**ASSIGNED TASK**: In the records below, find every line with the word "Rsnubber" and copy it.

**DATA EXTRACTS**:
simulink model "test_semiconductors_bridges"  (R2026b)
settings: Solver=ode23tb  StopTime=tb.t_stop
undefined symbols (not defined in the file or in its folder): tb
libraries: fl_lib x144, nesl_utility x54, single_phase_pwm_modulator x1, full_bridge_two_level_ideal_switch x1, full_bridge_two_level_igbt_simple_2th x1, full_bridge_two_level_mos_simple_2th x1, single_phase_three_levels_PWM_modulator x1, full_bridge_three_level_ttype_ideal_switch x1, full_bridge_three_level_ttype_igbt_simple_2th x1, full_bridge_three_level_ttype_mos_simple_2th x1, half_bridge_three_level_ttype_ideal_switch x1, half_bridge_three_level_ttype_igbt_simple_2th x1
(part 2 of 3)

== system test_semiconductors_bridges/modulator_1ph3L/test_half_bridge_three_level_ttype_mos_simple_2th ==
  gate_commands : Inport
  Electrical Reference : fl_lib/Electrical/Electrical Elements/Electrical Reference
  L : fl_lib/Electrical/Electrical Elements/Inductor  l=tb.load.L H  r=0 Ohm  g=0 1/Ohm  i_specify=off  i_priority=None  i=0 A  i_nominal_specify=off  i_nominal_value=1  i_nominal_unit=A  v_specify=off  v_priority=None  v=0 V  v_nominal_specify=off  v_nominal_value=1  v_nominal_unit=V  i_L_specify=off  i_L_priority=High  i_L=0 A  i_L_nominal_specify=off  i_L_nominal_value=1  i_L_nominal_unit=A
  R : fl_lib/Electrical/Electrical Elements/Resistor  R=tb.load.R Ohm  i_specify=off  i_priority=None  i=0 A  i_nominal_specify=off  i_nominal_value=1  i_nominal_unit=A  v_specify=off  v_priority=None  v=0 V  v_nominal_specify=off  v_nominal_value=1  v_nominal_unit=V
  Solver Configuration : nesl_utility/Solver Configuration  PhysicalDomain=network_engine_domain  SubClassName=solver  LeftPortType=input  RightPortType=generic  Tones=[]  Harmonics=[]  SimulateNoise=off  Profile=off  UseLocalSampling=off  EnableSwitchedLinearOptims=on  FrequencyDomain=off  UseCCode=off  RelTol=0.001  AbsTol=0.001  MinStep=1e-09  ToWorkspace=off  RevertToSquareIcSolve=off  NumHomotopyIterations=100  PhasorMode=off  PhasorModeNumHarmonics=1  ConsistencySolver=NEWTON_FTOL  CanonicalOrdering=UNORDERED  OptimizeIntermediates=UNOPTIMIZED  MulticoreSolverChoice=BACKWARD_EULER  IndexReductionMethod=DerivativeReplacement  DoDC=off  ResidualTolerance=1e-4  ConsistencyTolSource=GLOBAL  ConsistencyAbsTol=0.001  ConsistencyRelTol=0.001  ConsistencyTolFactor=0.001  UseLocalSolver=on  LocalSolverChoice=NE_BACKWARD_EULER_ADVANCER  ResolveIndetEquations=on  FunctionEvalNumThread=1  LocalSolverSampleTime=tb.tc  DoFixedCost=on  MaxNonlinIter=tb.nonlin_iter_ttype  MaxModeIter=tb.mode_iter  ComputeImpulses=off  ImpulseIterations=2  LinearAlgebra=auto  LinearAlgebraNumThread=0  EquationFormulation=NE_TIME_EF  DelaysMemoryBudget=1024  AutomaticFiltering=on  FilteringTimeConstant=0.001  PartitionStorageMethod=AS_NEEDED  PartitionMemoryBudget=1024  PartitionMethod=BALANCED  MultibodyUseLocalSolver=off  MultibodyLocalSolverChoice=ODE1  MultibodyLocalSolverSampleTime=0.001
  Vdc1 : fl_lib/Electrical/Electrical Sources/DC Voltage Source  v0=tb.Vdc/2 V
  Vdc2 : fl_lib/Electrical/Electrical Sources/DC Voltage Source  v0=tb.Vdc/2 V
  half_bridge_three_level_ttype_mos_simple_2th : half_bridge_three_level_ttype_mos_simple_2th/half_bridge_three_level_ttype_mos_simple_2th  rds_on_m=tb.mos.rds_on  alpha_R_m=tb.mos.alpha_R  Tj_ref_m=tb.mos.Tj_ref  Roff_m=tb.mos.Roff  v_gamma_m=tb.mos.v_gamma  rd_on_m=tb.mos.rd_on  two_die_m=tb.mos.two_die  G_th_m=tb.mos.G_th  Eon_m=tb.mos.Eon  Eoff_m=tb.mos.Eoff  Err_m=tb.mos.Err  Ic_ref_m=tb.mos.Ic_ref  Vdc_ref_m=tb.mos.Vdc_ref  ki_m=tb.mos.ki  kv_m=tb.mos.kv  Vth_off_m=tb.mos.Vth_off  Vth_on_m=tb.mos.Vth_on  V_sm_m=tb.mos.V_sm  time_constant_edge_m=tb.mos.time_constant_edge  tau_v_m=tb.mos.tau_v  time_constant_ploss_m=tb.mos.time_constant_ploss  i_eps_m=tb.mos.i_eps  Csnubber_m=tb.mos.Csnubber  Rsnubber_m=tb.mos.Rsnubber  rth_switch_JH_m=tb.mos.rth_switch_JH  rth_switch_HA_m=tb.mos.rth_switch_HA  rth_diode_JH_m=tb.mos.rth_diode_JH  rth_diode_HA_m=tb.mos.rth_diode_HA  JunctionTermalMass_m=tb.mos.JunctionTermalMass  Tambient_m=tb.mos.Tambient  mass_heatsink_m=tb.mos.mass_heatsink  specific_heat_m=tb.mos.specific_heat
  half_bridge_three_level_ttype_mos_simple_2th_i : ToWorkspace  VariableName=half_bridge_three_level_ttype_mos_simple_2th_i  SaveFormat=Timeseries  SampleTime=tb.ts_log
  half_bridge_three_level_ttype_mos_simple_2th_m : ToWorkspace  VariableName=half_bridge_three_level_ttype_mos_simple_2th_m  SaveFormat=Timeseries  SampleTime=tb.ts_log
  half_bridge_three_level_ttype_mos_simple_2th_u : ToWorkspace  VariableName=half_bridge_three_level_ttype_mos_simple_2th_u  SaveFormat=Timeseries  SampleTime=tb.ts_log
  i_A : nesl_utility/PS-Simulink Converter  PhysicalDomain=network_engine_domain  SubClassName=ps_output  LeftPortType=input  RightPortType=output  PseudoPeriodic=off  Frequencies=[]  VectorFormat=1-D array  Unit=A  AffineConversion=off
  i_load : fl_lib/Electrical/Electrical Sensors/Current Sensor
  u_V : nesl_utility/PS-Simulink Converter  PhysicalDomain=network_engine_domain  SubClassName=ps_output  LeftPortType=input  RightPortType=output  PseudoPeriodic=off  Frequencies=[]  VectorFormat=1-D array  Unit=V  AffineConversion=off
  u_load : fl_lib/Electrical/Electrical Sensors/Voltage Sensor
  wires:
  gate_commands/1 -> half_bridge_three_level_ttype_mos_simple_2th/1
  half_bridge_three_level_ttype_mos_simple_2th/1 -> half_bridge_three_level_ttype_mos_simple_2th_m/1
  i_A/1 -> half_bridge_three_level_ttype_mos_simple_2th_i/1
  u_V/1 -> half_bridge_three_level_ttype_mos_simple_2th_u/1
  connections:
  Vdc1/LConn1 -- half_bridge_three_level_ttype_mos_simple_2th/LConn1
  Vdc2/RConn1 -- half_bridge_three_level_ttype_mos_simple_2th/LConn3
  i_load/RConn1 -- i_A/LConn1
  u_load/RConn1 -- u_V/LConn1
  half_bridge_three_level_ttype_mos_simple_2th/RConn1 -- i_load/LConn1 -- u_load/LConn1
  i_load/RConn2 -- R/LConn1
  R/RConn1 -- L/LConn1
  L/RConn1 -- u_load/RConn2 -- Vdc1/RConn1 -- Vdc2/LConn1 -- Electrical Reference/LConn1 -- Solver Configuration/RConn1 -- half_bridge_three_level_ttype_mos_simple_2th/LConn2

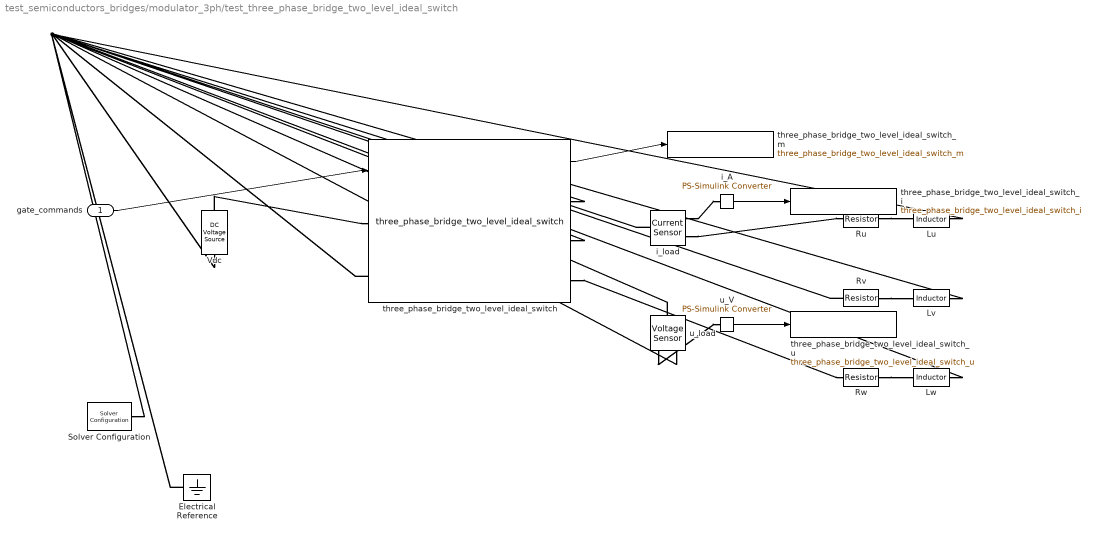
== system test_semiconductors_bridges/modulator_3ph/test_three_phase_bridge_two_level_ideal_switch ==
  gate_commands : Inport
  Electrical Reference : fl_lib/Electrical/Electrical Elements/Electrical Reference
  Lu : fl_lib/Electrical/Electrical Elements/Inductor  l=tb.load.L H  r=0 Ohm  g=0 1/Ohm  i_specify=off  i_priority=None  i=0 A  i_nominal_specify=off  i_nominal_value=1  i_nominal_unit=A  v_specify=off  v_priority=None  v=0 V  v_nominal_specify=off  v_nominal_value=1  v_nominal_unit=V  i_L_specify=off  i_L_priority=High  i_L=0 A  i_L_nominal_specify=off  i_L_nominal_value=1  i_L_nominal_unit=A
  Lv : fl_lib/Electrical/Electrical Elements/Inductor  l=tb.load.L H  r=0 Ohm  g=0 1/Ohm  i_specify=off  i_priority=None  i=0 A  i_nominal_specify=off  i_nominal_value=1  i_nominal_unit=A  v_specify=off  v_priority=None  v=0 V  v_nominal_specify=off  v_nominal_value=1  v_nominal_unit=V  i_L_specify=off  i_L_priority=High  i_L=0 A  i_L_nominal_specify=off  i_L_nominal_value=1  i_L_nominal_unit=A
  Lw : fl_lib/Electrical/Electrical Elements/Inductor  l=tb.load.L H  r=0 Ohm  g=0 1/Ohm  i_specify=off  i_priority=None  i=0 A  i_nominal_specify=off  i_nominal_value=1  i_nominal_unit=A  v_specify=off  v_priority=None  v=0 V  v_nominal_specify=off  v_nominal_value=1  v_nominal_unit=V  i_L_specify=off  i_L_priority=High  i_L=0 A  i_L_nominal_specify=off  i_L_nominal_value=1  i_L_nominal_unit=A
  Ru : fl_lib/Electrical/Electrical Elements/Resistor  R=tb.load.R Ohm  i_specify=off  i_priority=None  i=0 A  i_nominal_specify=off  i_nominal_value=1  i_nominal_unit=A  v_specify=off  v_priority=None  v=0 V  v_nominal_specify=off  v_nominal_value=1  v_nominal_unit=V
  Rv : fl_lib/Electrical/Electrical Elements/Resistor  R=tb.load.R Ohm  i_specify=off  i_priority=None  i=0 A  i_nominal_specify=off  i_nominal_value=1  i_nominal_unit=A  v_specify=off  v_priority=None  v=0 V  v_nominal_specify=off  v_nominal_value=1  v_nominal_unit=V
  Rw : fl_lib/Electrical/Electrical Elements/Resistor  R=tb.load.R Ohm  i_specify=off  i_priority=None  i=0 A  i_nominal_specify=off  i_nominal_value=1  i_nominal_unit=A  v_specify=off  v_priority=None  v=0 V  v_nominal_specify=off  v_nominal_value=1  v_nominal_unit=V
  Solver Configuration : nesl_utility/Solver Configuration  PhysicalDomain=network_engine_domain  SubClassName=solver  LeftPortType=input  RightPortType=generic  Tones=[]  Harmonics=[]  SimulateNoise=off  Profile=off  UseLocalSampling=off  EnableSwitchedLinearOptims=on  FrequencyDomain=off  UseCCode=off  RelTol=0.001  AbsTol=0.001  MinStep=1e-09  ToWorkspace=off  RevertToSquareIcSolve=off  NumHomotopyIterations=100  PhasorMode=off  PhasorModeNumHarmonics=1  ConsistencySolver=NEWTON_FTOL  CanonicalOrdering=UNORDERED  OptimizeIntermediates=UNOPTIMIZED  MulticoreSolverChoice=BACKWARD_EULER  IndexReductionMethod=DerivativeReplacement  DoDC=off  ResidualTolerance=1e-4  ConsistencyTolSource=GLOBAL  ConsistencyAbsTol=0.001  ConsistencyRelTol=0.001  ConsistencyTolFactor=0.001  UseLocalSolver=on  LocalSolverChoice=NE_BACKWARD_EULER_ADVANCER  ResolveIndetEquations=on  FunctionEvalNumThread=1  LocalSolverSampleTime=tb.tc  DoFixedCost=on  MaxNonlinIter=tb.nonlin_iter  MaxModeIter=tb.mode_iter  ComputeImpulses=off  ImpulseIterations=2  LinearAlgebra=auto  LinearAlgebraNumThread=0  EquationFormulation=NE_TIME_EF  DelaysMemoryBudget=1024  AutomaticFiltering=on  FilteringTimeConstant=0.001  PartitionStorageMethod=AS_NEEDED  PartitionMemoryBudget=1024  PartitionMethod=BALANCED  MultibodyUseLocalSolver=off  MultibodyLocalSolverChoice=ODE1  MultibodyLocalSolverSampleTime=0.001
  Vdc : fl_lib/Electrical/Electrical Sources/DC Voltage Source  v0=tb.Vdc V
  i_A : nesl_utility/PS-Simulink Converter  PhysicalDomain=network_engine_domain  SubClassName=ps_output  LeftPortType=input  RightPortType=output  PseudoPeriodic=off  Frequencies=[]  VectorFormat=1-D array  Unit=A  AffineConversion=off
  i_load : fl_lib/Electrical/Electrical Sensors/Current Sensor
  three_phase_bridge_two_level_ideal_switch : three_phase_bridge_two_level_ideal_switch/three_phase_bridge_two_level_ideal_switch  Rds_on=tb.ideal.Rds_on  Vdon_diode=tb.ideal.Vdon_diode  Rdon_diode=tb.ideal.Rdon_diode  Csnubber=tb.ideal.Csnubber  Rsnubber=tb.ideal.Rsnubber  Vth=tb.ideal.Vth
  three_phase_bridge_two_level_ideal_switch_i : ToWorkspace  VariableName=three_phase_bridge_two_level_ideal_switch_i  SaveFormat=Timeseries  SampleTime=tb.ts_log
  three_phase_bridge_two_level_ideal_switch_m : ToWorkspace  VariableName=three_phase_bridge_two_level_ideal_switch_m  SaveFormat=Timeseries  SampleTime=tb.ts_log
  three_phase_bridge_two_level_ideal_switch_u : ToWorkspace  VariableName=three_phase_bridge_two_level_ideal_switch_u  SaveFormat=Timeseries  SampleTime=tb.ts_log
  u_V : nesl_utility/PS-Simulink Converter  PhysicalDomain=network_engine_domain  SubClassName=ps_output  LeftPortType=input  RightPortType=output  PseudoPeriodic=off  Frequencies=[]  VectorFormat=1-D array  Unit=V  AffineConversion=off
  u_load : fl_lib/Electrical/Electrical Sensors/Voltage Sensor
  wires:
  gate_commands/1 -> three_phase_bridge_two_level_ideal_switch/1
  three_phase_bridge_two_level_ideal_switch/1 -> three_phase_bridge_two_level_ideal_switch_m/1
  i_A/1 -> three_phase_bridge_two_level_ideal_switch_i/1
  u_V/1 -> three_phase_bridge_two_level_ideal_switch_u/1
  connections:
  Vdc/LConn1 -- three_phase_bridge_two_level_ideal_switch/LConn1
  Vdc/RConn1 -- three_phase_bridge_two_level_ideal_switch/LConn2 -- Electrical Reference/LConn1 -- Solver Configuration/RConn1
  i_load/RConn1 -- i_A/LConn1
  u_load/RConn1 -- u_V/LConn1
  i_load/RConn2 -- Ru/LConn1
  Ru/RConn1 -- Lu/LConn1
  three_phase_bridge_two_level_ideal_switch/RConn2 -- Rv/LConn1 -- u_load/RConn2
  Rv/RConn1 -- Lv/LConn1
  three_phase_bridge_two_level_ideal_switch/RConn3 -- Rw/LConn1
  Rw/RConn1 -- Lw/LConn1
  Lu/RConn1 -- Lv/RConn1 -- Lw/RConn1
  three_phase_bridge_two_level_ideal_switch/RConn1 -- i_load/LConn1 -- u_load/LConn1

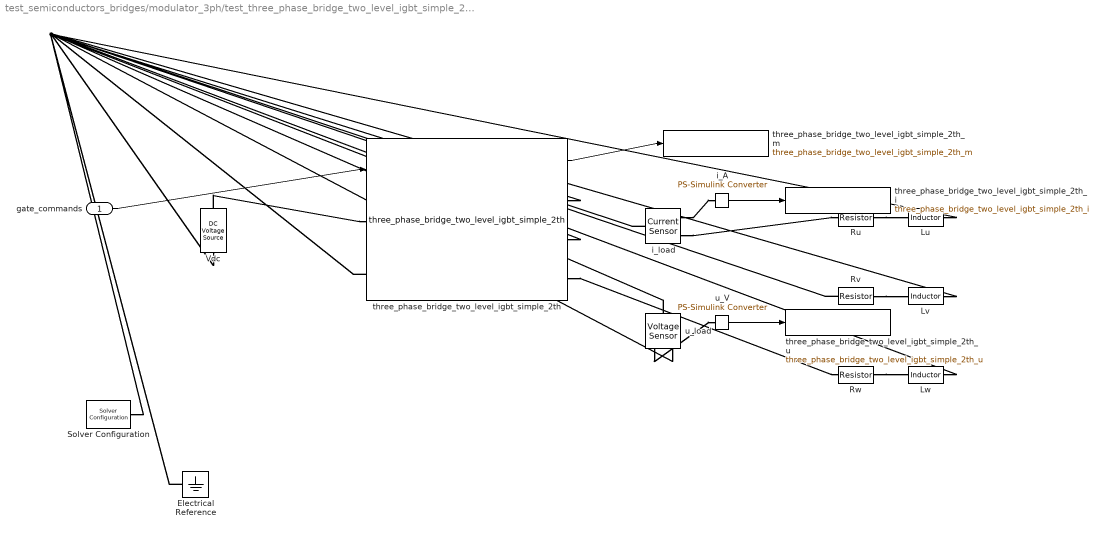
== system test_semiconductors_bridges/modulator_3ph/test_three_phase_bridge_two_level_igbt_simple_2th ==
  gate_commands : Inport
  Electrical Reference : fl_lib/Electrical/Electrical Elements/Electrical Reference
  Lu : fl_lib/Electrical/Electrical Elements/Inductor  l=tb.load.L H  r=0 Ohm  g=0 1/Ohm  i_specify=off  i_priority=None  i=0 A  i_nominal_specify=off  i_nominal_value=1  i_nominal_unit=A  v_specify=off  v_priority=None  v=0 V  v_nominal_specify=off  v_nominal_value=1  v_nominal_unit=V  i_L_specify=off  i_L_priority=High  i_L=0 A  i_L_nominal_specify=off  i_L_nominal_value=1  i_L_nominal_unit=A
  Lv : fl_lib/Electrical/Electrical Elements/Inductor  l=tb.load.L H  r=0 Ohm  g=0 1/Ohm  i_specify=off  i_priority=None  i=0 A  i_nominal_specify=off  i_nominal_value=1  i_nominal_unit=A  v_specify=off  v_priority=None  v=0 V  v_nominal_specify=off  v_nominal_value=1  v_nominal_unit=V  i_L_specify=off  i_L_priority=High  i_L=0 A  i_L_nominal_specify=off  i_L_nominal_value=1  i_L_nominal_unit=A
  Lw : fl_lib/Electrical/Electrical Elements/Inductor  l=tb.load.L H  r=0 Ohm  g=0 1/Ohm  i_specify=off  i_priority=None  i=0 A  i_nominal_specify=off  i_nominal_value=1  i_nominal_unit=A  v_specify=off  v_priority=None  v=0 V  v_nominal_specify=off  v_nominal_value=1  v_nominal_unit=V  i_L_specify=off  i_L_priority=High  i_L=0 A  i_L_nominal_specify=off  i_L_nominal_value=1  i_L_nominal_unit=A
  Ru : fl_lib/Electrical/Electrical Elements/Resistor  R=tb.load.R Ohm  i_specify=off  i_priority=None  i=0 A  i_nominal_specify=off  i_nominal_value=1  i_nominal_unit=A  v_specify=off  v_priority=None  v=0 V  v_nominal_specify=off  v_nominal_value=1  v_nominal_unit=V
  Rv : fl_lib/Electrical/Electrical Elements/Resistor  R=tb.load.R Ohm  i_specify=off  i_priority=None  i=0 A  i_nominal_specify=off  i_nominal_value=1  i_nominal_unit=A  v_specify=off  v_priority=None  v=0 V  v_nominal_specify=off  v_nominal_value=1  v_nominal_unit=V
  Rw : fl_lib/Electrical/Electrical Elements/Resistor  R=tb.load.R Ohm  i_specify=off  i_priority=None  i=0 A  i_nominal_specify=off  i_nominal_value=1  i_nominal_unit=A  v_specify=off  v_priority=None  v=0 V  v_nominal_specify=off  v_nominal_value=1  v_nominal_unit=V
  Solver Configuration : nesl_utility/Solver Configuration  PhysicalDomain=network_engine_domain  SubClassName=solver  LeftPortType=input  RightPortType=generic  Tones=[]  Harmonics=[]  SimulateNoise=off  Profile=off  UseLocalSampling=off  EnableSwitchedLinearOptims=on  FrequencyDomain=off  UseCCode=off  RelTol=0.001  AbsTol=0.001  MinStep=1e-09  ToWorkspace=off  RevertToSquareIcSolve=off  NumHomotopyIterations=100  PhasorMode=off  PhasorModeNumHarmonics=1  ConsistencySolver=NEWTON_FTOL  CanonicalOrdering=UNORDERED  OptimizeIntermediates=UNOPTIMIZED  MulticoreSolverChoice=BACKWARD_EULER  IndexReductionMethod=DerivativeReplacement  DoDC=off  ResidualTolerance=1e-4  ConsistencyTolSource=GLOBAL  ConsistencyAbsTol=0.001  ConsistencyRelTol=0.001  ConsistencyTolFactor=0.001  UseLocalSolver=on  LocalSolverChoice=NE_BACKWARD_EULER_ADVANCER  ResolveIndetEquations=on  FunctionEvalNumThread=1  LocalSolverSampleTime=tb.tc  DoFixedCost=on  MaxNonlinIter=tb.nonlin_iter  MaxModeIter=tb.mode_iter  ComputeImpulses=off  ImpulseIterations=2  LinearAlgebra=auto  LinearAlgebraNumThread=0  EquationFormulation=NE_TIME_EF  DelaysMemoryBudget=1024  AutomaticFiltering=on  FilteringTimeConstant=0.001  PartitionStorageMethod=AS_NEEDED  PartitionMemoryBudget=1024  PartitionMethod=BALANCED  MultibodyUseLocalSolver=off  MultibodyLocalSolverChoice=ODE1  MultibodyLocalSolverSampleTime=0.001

**YOUR RESPONSE**:
  half_bridge_three_level_ttype_mos_simple_2th : half_bridge_three_level_ttype_mos_simple_2th/half_bridge_three_level_ttype_mos_simple_2th  rds_on_m=tb.mos.rds_on  alpha_R_m=tb.mos.alpha_R  Tj_ref_m=tb.mos.Tj_ref  Roff_m=tb.mos.Roff  v_gamma_m=tb.mos.v_gamma  rd_on_m=tb.mos.rd_on  two_die_m=tb.mos.two_die  G_th_m=tb.mos.G_th  Eon_m=tb.mos.Eon  Eoff_m=tb.mos.Eoff  Err_m=tb.mos.Err  Ic_ref_m=tb.mos.Ic_ref  Vdc_ref_m=tb.mos.Vdc_ref  ki_m=tb.mos.ki  kv_m=tb.mos.kv  Vth_off_m=tb.mos.Vth_off  Vth_on_m=tb.mos.Vth_on  V_sm_m=tb.mos.V_sm  time_constant_edge_m=tb.mos.time_constant_edge  tau_v_m=tb.mos.tau_v  time_constant_ploss_m=tb.mos.time_constant_ploss  i_eps_m=tb.mos.i_eps  Csnubber_m=tb.mos.Csnubber  Rsnubber_m=tb.mos.Rsnubber  rth_switch_JH_m=tb.mos.rth_switch_JH  rth_switch_HA_m=tb.mos.rth_switch_HA  rth_diode_JH_m=tb.mos.rth_diode_JH  rth_diode_HA_m=tb.mos.rth_diode_HA  JunctionTermalMass_m=tb.mos.JunctionTermalMass  Tambient_m=tb.mos.Tambient  mass_heatsink_m=tb.mos.mass_heatsink  specific_heat_m=tb.mos.specific_heat
  three_phase_bridge_two_level_ideal_switch : three_phase_bridge_two_level_ideal_switch/three_phase_bridge_two_level_ideal_switch  Rds_on=tb.ideal.Rds_on  Vdon_diode=tb.ideal.Vdon_diode  Rdon_diode=tb.ideal.Rdon_diode  Csnubber=tb.ideal.Csnubber  Rsnubber=tb.ideal.Rsnubber  Vth=tb.ideal.Vth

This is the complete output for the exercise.